* YOUR GOAL:
From the line below that contains "#3969 = ORIENTED_EDGE" to the line that contains "#5564 = LINE ( 'NONE', #9844, #5437 ) ;", repeat every line exactly, both ends included, and nothing else.

Excerpts from a dataset
------

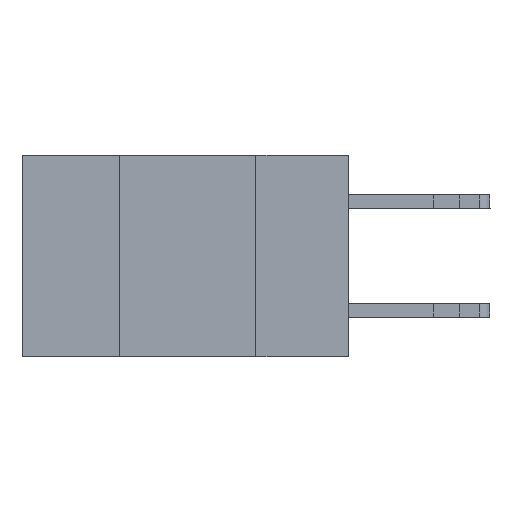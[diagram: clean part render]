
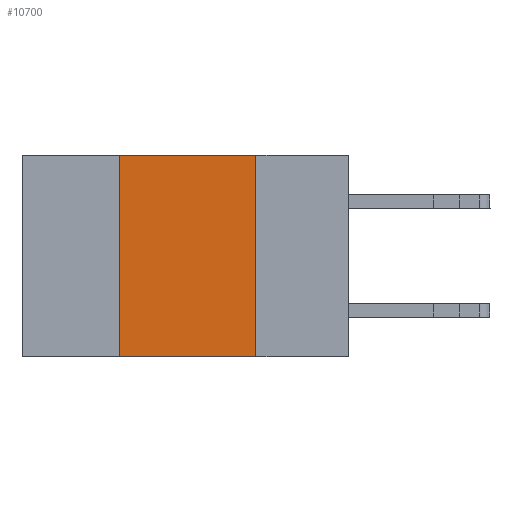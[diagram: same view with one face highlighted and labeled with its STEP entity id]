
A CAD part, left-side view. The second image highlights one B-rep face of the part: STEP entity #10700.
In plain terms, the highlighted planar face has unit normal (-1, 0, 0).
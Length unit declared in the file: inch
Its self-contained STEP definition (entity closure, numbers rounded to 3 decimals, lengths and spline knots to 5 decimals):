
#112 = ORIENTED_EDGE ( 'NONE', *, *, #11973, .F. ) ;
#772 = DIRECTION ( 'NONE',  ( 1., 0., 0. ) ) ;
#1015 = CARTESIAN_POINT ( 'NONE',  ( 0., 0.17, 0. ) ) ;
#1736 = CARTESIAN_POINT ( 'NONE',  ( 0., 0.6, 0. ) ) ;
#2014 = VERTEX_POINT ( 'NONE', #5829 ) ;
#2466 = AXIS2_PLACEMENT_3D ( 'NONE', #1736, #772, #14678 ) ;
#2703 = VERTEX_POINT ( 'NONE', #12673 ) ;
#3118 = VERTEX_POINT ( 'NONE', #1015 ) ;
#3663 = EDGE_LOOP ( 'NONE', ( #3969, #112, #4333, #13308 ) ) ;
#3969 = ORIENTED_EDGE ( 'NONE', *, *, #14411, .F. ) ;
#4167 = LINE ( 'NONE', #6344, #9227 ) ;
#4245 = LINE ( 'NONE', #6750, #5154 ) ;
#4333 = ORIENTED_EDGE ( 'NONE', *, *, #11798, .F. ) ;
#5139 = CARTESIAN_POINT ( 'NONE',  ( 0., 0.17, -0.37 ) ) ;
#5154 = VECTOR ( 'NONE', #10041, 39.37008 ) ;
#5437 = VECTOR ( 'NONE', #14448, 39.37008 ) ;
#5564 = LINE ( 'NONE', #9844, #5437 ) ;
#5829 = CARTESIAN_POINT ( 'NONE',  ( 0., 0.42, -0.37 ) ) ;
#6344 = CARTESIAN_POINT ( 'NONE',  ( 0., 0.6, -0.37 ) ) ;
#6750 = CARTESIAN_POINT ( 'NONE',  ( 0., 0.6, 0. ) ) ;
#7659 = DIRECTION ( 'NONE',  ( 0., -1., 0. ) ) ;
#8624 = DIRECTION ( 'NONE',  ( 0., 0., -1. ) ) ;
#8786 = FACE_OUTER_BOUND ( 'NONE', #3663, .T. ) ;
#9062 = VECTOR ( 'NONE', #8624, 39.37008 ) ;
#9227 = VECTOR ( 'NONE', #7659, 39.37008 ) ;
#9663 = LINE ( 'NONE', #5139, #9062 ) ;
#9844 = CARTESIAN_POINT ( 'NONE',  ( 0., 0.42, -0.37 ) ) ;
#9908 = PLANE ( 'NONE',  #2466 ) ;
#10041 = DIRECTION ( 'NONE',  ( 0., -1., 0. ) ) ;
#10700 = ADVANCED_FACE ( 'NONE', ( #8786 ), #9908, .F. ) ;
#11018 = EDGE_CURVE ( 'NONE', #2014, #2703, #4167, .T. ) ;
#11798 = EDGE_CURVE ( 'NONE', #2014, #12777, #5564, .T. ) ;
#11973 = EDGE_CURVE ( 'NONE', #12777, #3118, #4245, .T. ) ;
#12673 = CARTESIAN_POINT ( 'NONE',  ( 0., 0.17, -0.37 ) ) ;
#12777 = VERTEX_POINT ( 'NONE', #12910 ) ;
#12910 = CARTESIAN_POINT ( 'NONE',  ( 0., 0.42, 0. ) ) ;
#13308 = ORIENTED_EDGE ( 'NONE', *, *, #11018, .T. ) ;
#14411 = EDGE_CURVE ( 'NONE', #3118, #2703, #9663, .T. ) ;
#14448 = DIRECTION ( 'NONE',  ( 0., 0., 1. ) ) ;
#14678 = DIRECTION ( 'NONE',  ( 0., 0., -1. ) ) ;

------

* ANSWER TO THIS EXERCISE:
#3969 = ORIENTED_EDGE ( 'NONE', *, *, #14411, .F. ) ;
#4167 = LINE ( 'NONE', #6344, #9227 ) ;
#4245 = LINE ( 'NONE', #6750, #5154 ) ;
#4333 = ORIENTED_EDGE ( 'NONE', *, *, #11798, .F. ) ;
#5139 = CARTESIAN_POINT ( 'NONE',  ( 0., 0.17, -0.37 ) ) ;
#5154 = VECTOR ( 'NONE', #10041, 39.37008 ) ;
#5437 = VECTOR ( 'NONE', #14448, 39.37008 ) ;
#5564 = LINE ( 'NONE', #9844, #5437 ) ;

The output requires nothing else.